Stored records ▸
○ ○ ○ ○

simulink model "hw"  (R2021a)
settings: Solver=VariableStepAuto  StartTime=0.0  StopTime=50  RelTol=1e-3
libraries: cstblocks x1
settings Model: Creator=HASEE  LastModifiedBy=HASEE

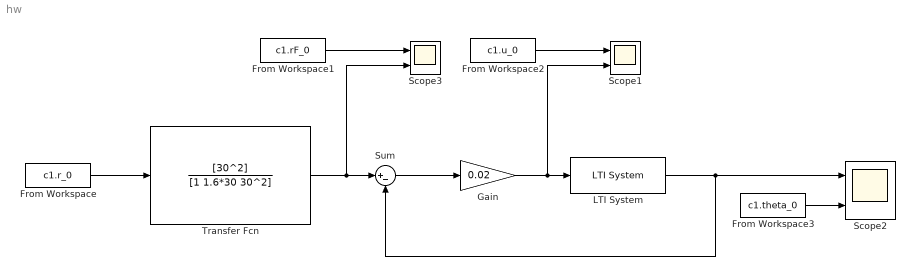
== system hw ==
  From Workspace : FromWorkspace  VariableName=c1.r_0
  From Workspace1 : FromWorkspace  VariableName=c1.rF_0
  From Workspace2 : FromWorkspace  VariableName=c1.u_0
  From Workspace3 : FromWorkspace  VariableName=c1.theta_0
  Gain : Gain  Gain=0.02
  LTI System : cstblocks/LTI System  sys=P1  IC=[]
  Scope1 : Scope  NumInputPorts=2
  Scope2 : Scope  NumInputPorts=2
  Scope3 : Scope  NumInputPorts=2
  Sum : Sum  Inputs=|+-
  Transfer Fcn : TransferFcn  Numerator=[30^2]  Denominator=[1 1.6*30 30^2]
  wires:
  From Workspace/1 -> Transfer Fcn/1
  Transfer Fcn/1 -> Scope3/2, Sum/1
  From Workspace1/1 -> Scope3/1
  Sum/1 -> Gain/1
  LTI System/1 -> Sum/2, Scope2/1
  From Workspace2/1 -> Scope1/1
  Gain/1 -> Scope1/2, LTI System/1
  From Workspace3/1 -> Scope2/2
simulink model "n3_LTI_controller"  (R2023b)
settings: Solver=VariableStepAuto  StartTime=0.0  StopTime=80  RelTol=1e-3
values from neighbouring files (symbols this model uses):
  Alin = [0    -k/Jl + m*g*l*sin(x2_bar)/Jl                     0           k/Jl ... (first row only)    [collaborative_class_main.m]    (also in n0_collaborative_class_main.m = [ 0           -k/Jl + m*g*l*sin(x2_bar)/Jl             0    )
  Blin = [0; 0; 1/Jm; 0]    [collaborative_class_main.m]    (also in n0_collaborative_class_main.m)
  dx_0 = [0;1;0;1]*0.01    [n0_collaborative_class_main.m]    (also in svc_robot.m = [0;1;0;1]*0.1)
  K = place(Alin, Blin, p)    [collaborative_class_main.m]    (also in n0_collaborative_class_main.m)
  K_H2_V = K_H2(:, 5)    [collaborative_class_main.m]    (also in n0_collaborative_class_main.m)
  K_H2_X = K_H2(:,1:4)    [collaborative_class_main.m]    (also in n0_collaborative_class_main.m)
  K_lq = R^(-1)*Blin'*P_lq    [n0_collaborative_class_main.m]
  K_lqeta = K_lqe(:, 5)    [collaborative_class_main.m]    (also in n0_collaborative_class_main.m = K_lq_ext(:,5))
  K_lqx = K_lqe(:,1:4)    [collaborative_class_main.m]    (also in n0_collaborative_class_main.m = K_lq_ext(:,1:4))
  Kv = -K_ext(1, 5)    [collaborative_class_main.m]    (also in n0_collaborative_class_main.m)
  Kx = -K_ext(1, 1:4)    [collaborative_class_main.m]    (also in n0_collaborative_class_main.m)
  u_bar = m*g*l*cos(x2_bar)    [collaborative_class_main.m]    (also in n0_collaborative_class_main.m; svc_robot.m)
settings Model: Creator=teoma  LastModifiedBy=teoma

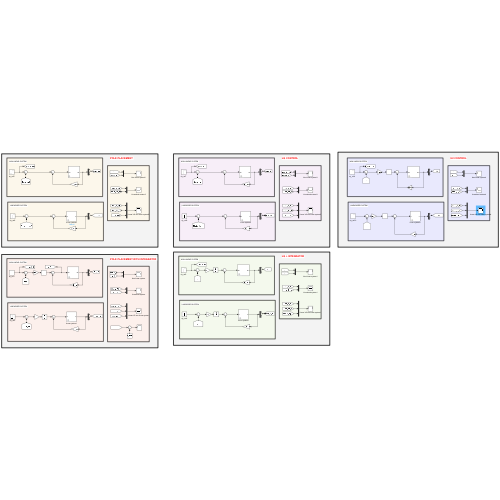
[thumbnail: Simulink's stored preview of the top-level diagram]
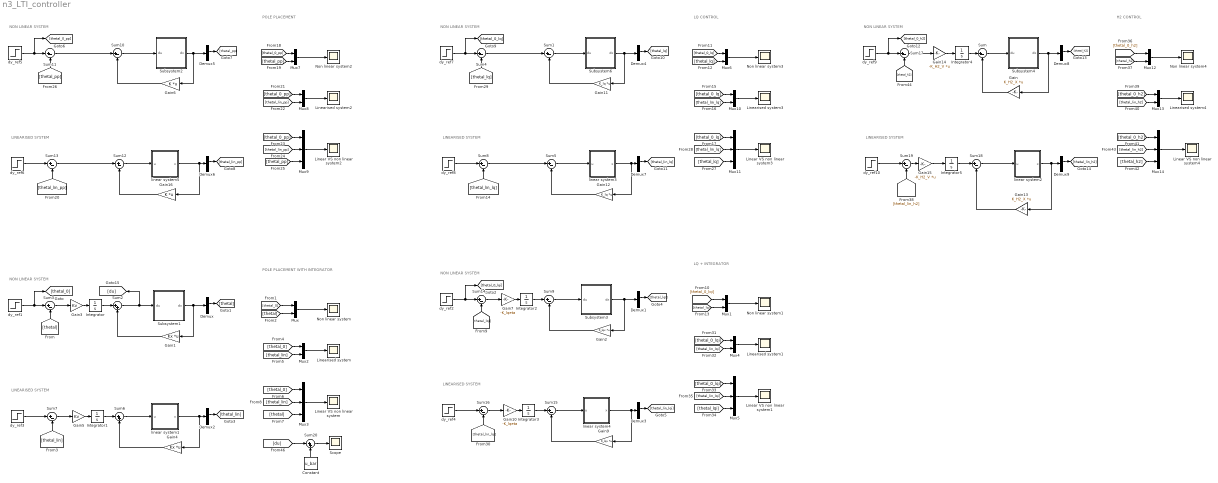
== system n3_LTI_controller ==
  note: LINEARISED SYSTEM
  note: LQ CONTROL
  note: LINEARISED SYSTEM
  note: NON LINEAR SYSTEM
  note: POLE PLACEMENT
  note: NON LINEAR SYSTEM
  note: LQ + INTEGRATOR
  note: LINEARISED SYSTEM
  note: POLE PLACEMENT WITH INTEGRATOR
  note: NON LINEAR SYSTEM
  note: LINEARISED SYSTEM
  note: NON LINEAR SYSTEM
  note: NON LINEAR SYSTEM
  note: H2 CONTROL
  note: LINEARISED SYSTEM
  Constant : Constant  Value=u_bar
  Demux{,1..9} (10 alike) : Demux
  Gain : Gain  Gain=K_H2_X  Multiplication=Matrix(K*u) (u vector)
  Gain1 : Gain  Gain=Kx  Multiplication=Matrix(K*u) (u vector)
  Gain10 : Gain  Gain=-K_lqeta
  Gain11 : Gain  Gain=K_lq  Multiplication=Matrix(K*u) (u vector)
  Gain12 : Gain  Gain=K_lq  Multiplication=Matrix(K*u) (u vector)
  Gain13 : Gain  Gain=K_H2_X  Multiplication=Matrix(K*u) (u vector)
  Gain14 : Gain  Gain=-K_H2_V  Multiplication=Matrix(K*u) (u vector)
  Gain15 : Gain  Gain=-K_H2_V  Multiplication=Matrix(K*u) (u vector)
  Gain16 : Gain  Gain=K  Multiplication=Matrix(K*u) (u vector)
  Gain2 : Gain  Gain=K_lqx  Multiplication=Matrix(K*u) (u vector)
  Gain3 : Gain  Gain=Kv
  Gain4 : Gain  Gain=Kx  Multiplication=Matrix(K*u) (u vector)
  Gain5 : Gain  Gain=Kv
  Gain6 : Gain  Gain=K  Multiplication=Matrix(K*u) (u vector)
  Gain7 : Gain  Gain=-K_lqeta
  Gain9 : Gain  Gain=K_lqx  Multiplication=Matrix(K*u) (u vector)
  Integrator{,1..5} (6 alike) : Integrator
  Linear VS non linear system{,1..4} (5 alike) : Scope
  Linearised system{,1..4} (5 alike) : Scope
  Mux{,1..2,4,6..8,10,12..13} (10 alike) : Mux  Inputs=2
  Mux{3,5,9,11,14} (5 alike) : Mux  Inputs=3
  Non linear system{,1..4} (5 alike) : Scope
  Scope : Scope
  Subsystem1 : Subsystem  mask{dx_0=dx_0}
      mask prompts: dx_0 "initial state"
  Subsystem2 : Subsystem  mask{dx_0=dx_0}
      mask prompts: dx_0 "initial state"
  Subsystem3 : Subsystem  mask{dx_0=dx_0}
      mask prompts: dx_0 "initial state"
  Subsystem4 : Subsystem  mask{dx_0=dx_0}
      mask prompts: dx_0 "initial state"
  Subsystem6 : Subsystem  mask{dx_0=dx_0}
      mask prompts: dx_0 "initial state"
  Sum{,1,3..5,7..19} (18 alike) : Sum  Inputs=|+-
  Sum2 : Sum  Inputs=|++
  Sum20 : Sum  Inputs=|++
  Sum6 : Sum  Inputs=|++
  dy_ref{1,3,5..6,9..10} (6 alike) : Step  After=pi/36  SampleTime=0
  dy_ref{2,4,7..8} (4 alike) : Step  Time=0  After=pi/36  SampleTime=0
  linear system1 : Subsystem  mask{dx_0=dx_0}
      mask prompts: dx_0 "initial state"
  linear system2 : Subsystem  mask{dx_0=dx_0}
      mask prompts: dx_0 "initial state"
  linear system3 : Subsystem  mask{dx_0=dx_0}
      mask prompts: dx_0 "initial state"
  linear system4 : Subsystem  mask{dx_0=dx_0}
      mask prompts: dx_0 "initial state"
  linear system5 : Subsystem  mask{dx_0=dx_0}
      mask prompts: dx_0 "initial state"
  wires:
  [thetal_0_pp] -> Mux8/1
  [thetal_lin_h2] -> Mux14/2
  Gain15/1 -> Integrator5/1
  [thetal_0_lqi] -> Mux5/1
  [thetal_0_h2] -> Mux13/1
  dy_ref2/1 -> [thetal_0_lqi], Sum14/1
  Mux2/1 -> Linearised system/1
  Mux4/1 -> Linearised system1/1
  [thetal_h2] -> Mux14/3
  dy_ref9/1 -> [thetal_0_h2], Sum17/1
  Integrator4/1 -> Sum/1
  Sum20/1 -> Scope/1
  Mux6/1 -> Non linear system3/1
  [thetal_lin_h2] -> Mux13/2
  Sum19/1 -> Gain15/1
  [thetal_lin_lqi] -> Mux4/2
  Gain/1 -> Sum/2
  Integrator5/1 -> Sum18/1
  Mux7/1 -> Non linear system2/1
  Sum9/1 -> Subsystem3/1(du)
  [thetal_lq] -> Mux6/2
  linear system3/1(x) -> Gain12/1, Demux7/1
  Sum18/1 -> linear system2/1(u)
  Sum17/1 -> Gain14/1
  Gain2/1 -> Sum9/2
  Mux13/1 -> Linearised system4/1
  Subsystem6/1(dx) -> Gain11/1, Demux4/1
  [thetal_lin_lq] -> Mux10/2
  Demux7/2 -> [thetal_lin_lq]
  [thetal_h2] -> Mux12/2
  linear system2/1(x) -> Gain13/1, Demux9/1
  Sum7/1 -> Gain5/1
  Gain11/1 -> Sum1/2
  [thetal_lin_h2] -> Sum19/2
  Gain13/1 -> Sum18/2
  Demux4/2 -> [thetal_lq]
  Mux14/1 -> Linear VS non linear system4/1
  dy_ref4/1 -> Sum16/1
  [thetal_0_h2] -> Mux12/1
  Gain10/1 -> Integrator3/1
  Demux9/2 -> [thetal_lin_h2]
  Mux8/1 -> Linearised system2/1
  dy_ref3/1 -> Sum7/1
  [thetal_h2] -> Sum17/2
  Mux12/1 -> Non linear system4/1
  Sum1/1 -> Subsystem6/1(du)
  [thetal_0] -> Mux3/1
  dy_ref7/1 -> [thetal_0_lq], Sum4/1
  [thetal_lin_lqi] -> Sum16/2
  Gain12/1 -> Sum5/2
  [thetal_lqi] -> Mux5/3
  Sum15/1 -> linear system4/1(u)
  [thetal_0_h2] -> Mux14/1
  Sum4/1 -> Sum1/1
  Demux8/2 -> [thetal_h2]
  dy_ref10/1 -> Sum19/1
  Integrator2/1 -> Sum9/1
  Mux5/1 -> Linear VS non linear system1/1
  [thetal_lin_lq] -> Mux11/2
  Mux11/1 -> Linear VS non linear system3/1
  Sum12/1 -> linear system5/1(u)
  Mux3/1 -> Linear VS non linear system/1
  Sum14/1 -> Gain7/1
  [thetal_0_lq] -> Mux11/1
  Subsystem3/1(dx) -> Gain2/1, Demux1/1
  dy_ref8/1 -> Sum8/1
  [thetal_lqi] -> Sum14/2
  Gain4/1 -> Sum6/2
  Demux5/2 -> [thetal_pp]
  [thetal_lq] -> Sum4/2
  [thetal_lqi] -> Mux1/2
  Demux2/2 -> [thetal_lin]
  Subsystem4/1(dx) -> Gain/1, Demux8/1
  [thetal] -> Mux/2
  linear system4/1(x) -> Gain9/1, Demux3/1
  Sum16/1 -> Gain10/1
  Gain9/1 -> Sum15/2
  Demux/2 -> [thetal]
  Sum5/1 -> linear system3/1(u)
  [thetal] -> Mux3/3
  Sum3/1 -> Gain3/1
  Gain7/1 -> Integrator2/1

○ ○ ○ ○

What the task requires ▸
Show all lines in the entries above where the string "RelTol" appears.

Task solution ▸
settings: Solver=VariableStepAuto  StartTime=0.0  StopTime=50  RelTol=1e-3
settings: Solver=VariableStepAuto  StartTime=0.0  StopTime=80  RelTol=1e-3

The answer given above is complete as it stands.